Chronic Disease: Heart failure hospitalization and mortality rates drop between 1998 and 2008

The heart failure (HF) hospitalization rate declined by 29.5 percent between 1998 and 2007, according to a national study by Jersey Chen, M.D., and a team of researchers from Yale and Harvard. The drop in HF hospitalization rates took place in all race and gender categories, with black men having the lowest rate of decline. However, HF hospitalization rates decreased significantly faster than the national mean in 16 States and significantly slower in 3 States. Overall HF mortality rates, adjusted for patient risk factors such as older age, ischemic heart disease, and hypertension, also declined from 31.7 percent in 1999 to 29.6 percent in 2008. One-year mortality rates declined significantly in four States, but rose in 5 States.
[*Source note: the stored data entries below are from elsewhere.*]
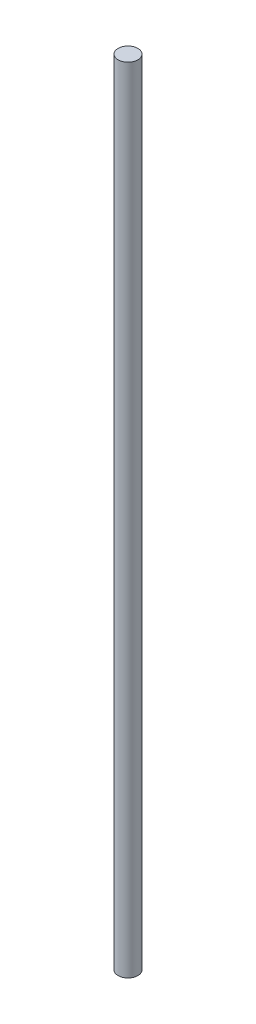
SolidWorks part; units mm, degrees
material "1060 Alloy"
ref_plane "Front Plane" through (0, 0, 0) normal (0, 0, 1) x (1, 0, 0)
ref_plane "Top Plane" through (0, 0, 0) normal (0, 1, 0) x (1, 0, 0)
ref_plane "Right Plane" through (0, 0, 0) normal (1, 0, 0) x (0, 0, -1)
sketch "Sketch1" plane through (0, 0, 0) normal (0, 1, 0) x (1, 0, 0)
  circle A1 centre (0, 0) radius 5
  dimension "D1" = 10
extrude "Boss-Extrude1" add sketch "Sketch1" along normal mid plane 400
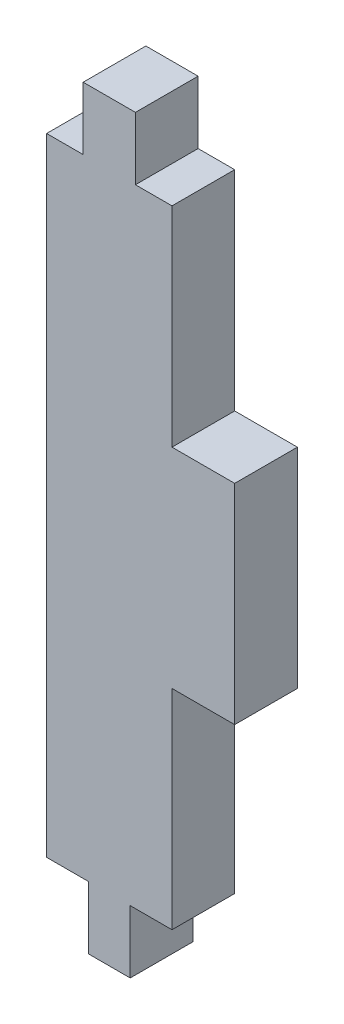
SolidWorks part; units mm, degrees
ref_plane "Front Plane" through (0, 0, 0) normal (0, 0, 1) x (1, 0, 0)
ref_plane "Top Plane" through (0, 0, 0) normal (0, 1, 0) x (1, 0, 0)
ref_plane "Right Plane" through (0, 0, 0) normal (1, 0, 0) x (0, 0, -1)
sketch "Sketch1" plane through (0, 0, 0) normal (0, 0, 1) x (1, 0, 0)
  line L0 (-34.3139, -11.18) -> (-30.1473, -11.18)
  line L1 (-37.2306, -16.18) -> (-27.2306, -16.18)
  line L2 (-37.2306, -16.18) -> (-37.2306, -66.18)
  line L3 (-37.2306, -66.18) -> (-27.2306, -66.18)
  line L4 (-27.2306, -16.18) -> (-27.2306, -66.18)
  line L5 (-37.2306, -16.18) -> (-27.2306, -66.18) construction
  line L6 (-37.2306, -66.18) -> (-27.2306, -16.18) construction
  line L7 (-33.8973, -61.18) -> (-30.5639, -61.18)
  line L8 (-33.8973, -61.18) -> (-33.8973, -71.18)
  line L9 (-33.8973, -71.18) -> (-30.5639, -71.18)
  line L10 (-30.5639, -61.18) -> (-30.5639, -71.18)
  line L11 (-33.8973, -61.18) -> (-30.5639, -71.18) construction
  line L12 (-33.8973, -71.18) -> (-30.5639, -61.18) construction
  line L13 (-34.3139, -11.18) -> (-34.3139, -21.18)
  line L14 (-34.3139, -21.18) -> (-30.1473, -21.18)
  line L15 (-30.1473, -11.18) -> (-30.1473, -21.18)
  line L16 (-34.3139, -11.18) -> (-30.1473, -21.18) construction
  line L17 (-34.3139, -21.18) -> (-30.1473, -11.18) construction
  line L19 (-27.2306, -49.5133) -> (-22.2306, -49.5133)
  line L20 (-27.2306, -49.5133) -> (-27.2306, -32.8467)
  line L21 (-27.2306, -32.8467) -> (-22.2306, -32.8467)
  line L22 (-22.2306, -49.5133) -> (-22.2306, -32.8467)
  point P0 (-32.2306, -41.18)
  point P5 (-32.2306, -66.18)
  point P10 (-32.2306, -16.18)
  dimension "D1" = 50
  dimension "D2" = 10
  dimension "D3" = 5
  dimension "D4" = 1.6667
  dimension "D5" = 16.6667
  dimension "D6" = 16.6667
  dimension "D7" = 5
  dimension "D8" = 5
extrude "Boss-Extrude1" add sketch "Sketch1" along normal blind 5 contours L1 L4 L3 L2 | L13 L14 L15 L0 | L10 L9 L8 L7 | L22 L21 L20 L19
equation "\"mat\"=\"mat@V1.assembly\""
equation "\"D3@Sketch1\"=\"mat\""
equation "\"D4@Sketch1\" = 10/6"
equation "\"D1@Boss-Extrude1\"=\"mat\""
equation "\"D7@Sketch1\" = \"mat\""
equation "\"D8@Sketch1\" = \"mat\""

During the study period, there were changes in risk factors and clinical practice patterns that may explain the decline in HF hospitalizations, note the authors. For example, coronary heart disease has declined over time. Also, control of high blood pressure has improved modestly over time. Changes in secondary prevention (e.g., use of beta blockers or other medications) may reduce HF exacerbations leading to hospitalizations. Finally, trends favoring outpatient rather than inpatient management of HF may also have had an impact. The study included 55,097,390 fee-for-service Medicare beneficiaries hospitalized between 1998 and 2008 with a principal discharge diagnosis of HF. The study was supported in part by the Agency for Healthcare Research and Quality (HS18781).

See "National and regional trends in heart failure hospitalization and mortality rates for Medicare beneficiaries" by Jersey Chen, M.D., Sharon-Lise T. Normand, Ph.D., Yun Wang, Ph.D., and Harlan M. Krumholz, M.D., in the October 2011 Journal of the American Medical Association 306(15), pp. 1669-1678, 2011.